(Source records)
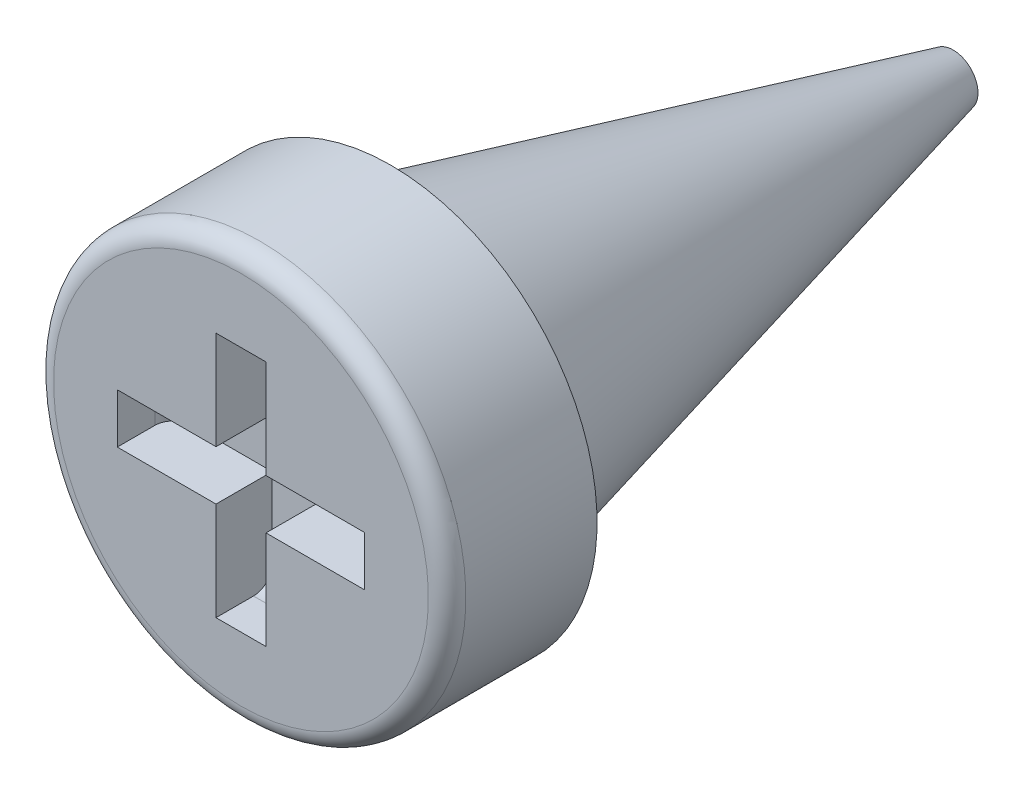
SolidWorks part; units mm, degrees
ref_plane "Plan de face" through (0, 0, 0) normal (0, 0, 1) x (1, 0, 0)
ref_plane "Plan de dessus" through (0, 0, 0) normal (0, 1, 0) x (1, 0, 0)
ref_plane "Plan de droite" through (0, 0, 0) normal (1, 0, 0) x (0, 0, -1)
sketch "Esquisse1" plane through (0, 0, 0) normal (1, 0, 0) x (0, 0, -1)
  line L0 (9.12, 0) -> (0, 0)
  line L1 (0, 0) -> (0, 2.4)
  line L2 (0.24, 2.64) -> (1.92, 2.64)
  line L3 (1.92, 2.64) -> (1.92, 2.1132)
  line L4 (1.92, 2.1132) -> (9.12, 0.318)
  line L5 (9.12, 0.318) -> (9.12, 0)
  line L6 (1.92, 2.64) -> (11.0236, 2.64) construction
  arc A0 (0, 2.4) -> (0.24, 2.64) centre (0.24, 2.4) cw
  point P3 (9.12, 0.159)
  dimension "D3" = 0.24
  dimension "D1" = 1.92
  dimension "D2" = 7.2
  dimension "D4" = 0.318
  dimension "D5" = 14
  dimension "D6" = 2.4
revolve "Révolution1" add sketch "Esquisse1" angle 360 about L0
sketch "Esquisse3" plane through (0, 0, 0) normal (0, 0, 1) x (1, 0, 0)
  line L0 (0, 1.3895) -> (0, -1.8095) construction
  line L1 (-1.68, 0) -> (2.1279, 0) construction
  line L2 (0.32, 1.578) -> (-0.32, 1.578)
  line L3 (-0.32, 1.578) -> (-0.32, 0.318)
  line L4 (-0.32, 0.318) -> (-1.584, 0.318)
  line L5 (-1.584, 0.318) -> (-1.584, -0.318)
  line L6 (1.584, 0.318) -> (1.584, -0.318)
  line L7 (0.32, 0.318) -> (1.584, 0.318)
  line L8 (0.32, 1.578) -> (0.32, 0.318)
  line L9 (0.32, -0.318) -> (1.584, -0.318)
  line L10 (0.32, -1.578) -> (0.32, -0.318)
  line L11 (0.32, -1.578) -> (-0.32, -1.578)
  line L12 (-0.32, -1.578) -> (-0.32, -0.318)
  line L13 (-0.32, -0.318) -> (-1.584, -0.318)
  point P14 (0, 1.578)
  point P15 (1.584, 0)
  point P20 (-1.584, 0)
  dimension "D1" = 0.318
  dimension "D2" = 1.584
  dimension "D3" = 0.32
  dimension "D4" = 1.26
extrude "Enlèv. mat.-Extru.2" cut sketch "Esquisse3" against normal blind 0.72
fillet "Congé4" radius 0.24 4 edges at (0, -1.578, -0.72) (1.584, 0, -0.72) (0, 1.578, -0.72) (-1.584, 0, -0.72)

— WORK INSTRUCTIONS —
Repeat the entries verbatim; no pictures.

— EXPECTED ANSWER —
SolidWorks part; units mm, degrees
ref_plane "Plan de face" through (0, 0, 0) normal (0, 0, 1) x (1, 0, 0)
ref_plane "Plan de dessus" through (0, 0, 0) normal (0, 1, 0) x (1, 0, 0)
ref_plane "Plan de droite" through (0, 0, 0) normal (1, 0, 0) x (0, 0, -1)
sketch "Esquisse1" plane through (0, 0, 0) normal (1, 0, 0) x (0, 0, -1)
  line L0 (9.12, 0) -> (0, 0)
  line L1 (0, 0) -> (0, 2.4)
  line L2 (0.24, 2.64) -> (1.92, 2.64)
  line L3 (1.92, 2.64) -> (1.92, 2.1132)
  line L4 (1.92, 2.1132) -> (9.12, 0.318)
  line L5 (9.12, 0.318) -> (9.12, 0)
  line L6 (1.92, 2.64) -> (11.0236, 2.64) construction
  arc A0 (0, 2.4) -> (0.24, 2.64) centre (0.24, 2.4) cw
  point P3 (9.12, 0.159)
  dimension "D3" = 0.24
  dimension "D1" = 1.92
  dimension "D2" = 7.2
  dimension "D4" = 0.318
  dimension "D5" = 14
  dimension "D6" = 2.4
revolve "Révolution1" add sketch "Esquisse1" angle 360 about L0
sketch "Esquisse3" plane through (0, 0, 0) normal (0, 0, 1) x (1, 0, 0)
  line L0 (0, 1.3895) -> (0, -1.8095) construction
  line L1 (-1.68, 0) -> (2.1279, 0) construction
  line L2 (0.32, 1.578) -> (-0.32, 1.578)
  line L3 (-0.32, 1.578) -> (-0.32, 0.318)
  line L4 (-0.32, 0.318) -> (-1.584, 0.318)
  line L5 (-1.584, 0.318) -> (-1.584, -0.318)
  line L6 (1.584, 0.318) -> (1.584, -0.318)
  line L7 (0.32, 0.318) -> (1.584, 0.318)
  line L8 (0.32, 1.578) -> (0.32, 0.318)
  line L9 (0.32, -0.318) -> (1.584, -0.318)
  line L10 (0.32, -1.578) -> (0.32, -0.318)
  line L11 (0.32, -1.578) -> (-0.32, -1.578)
  line L12 (-0.32, -1.578) -> (-0.32, -0.318)
  line L13 (-0.32, -0.318) -> (-1.584, -0.318)
  point P14 (0, 1.578)
  point P15 (1.584, 0)
  point P20 (-1.584, 0)
  dimension "D1" = 0.318
  dimension "D2" = 1.584
  dimension "D3" = 0.32
  dimension "D4" = 1.26
extrude "Enlèv. mat.-Extru.2" cut sketch "Esquisse3" against normal blind 0.72
fillet "Congé4" radius 0.24 4 edges at (0, -1.578, -0.72) (1.584, 0, -0.72) (0, 1.578, -0.72) (-1.584, 0, -0.72)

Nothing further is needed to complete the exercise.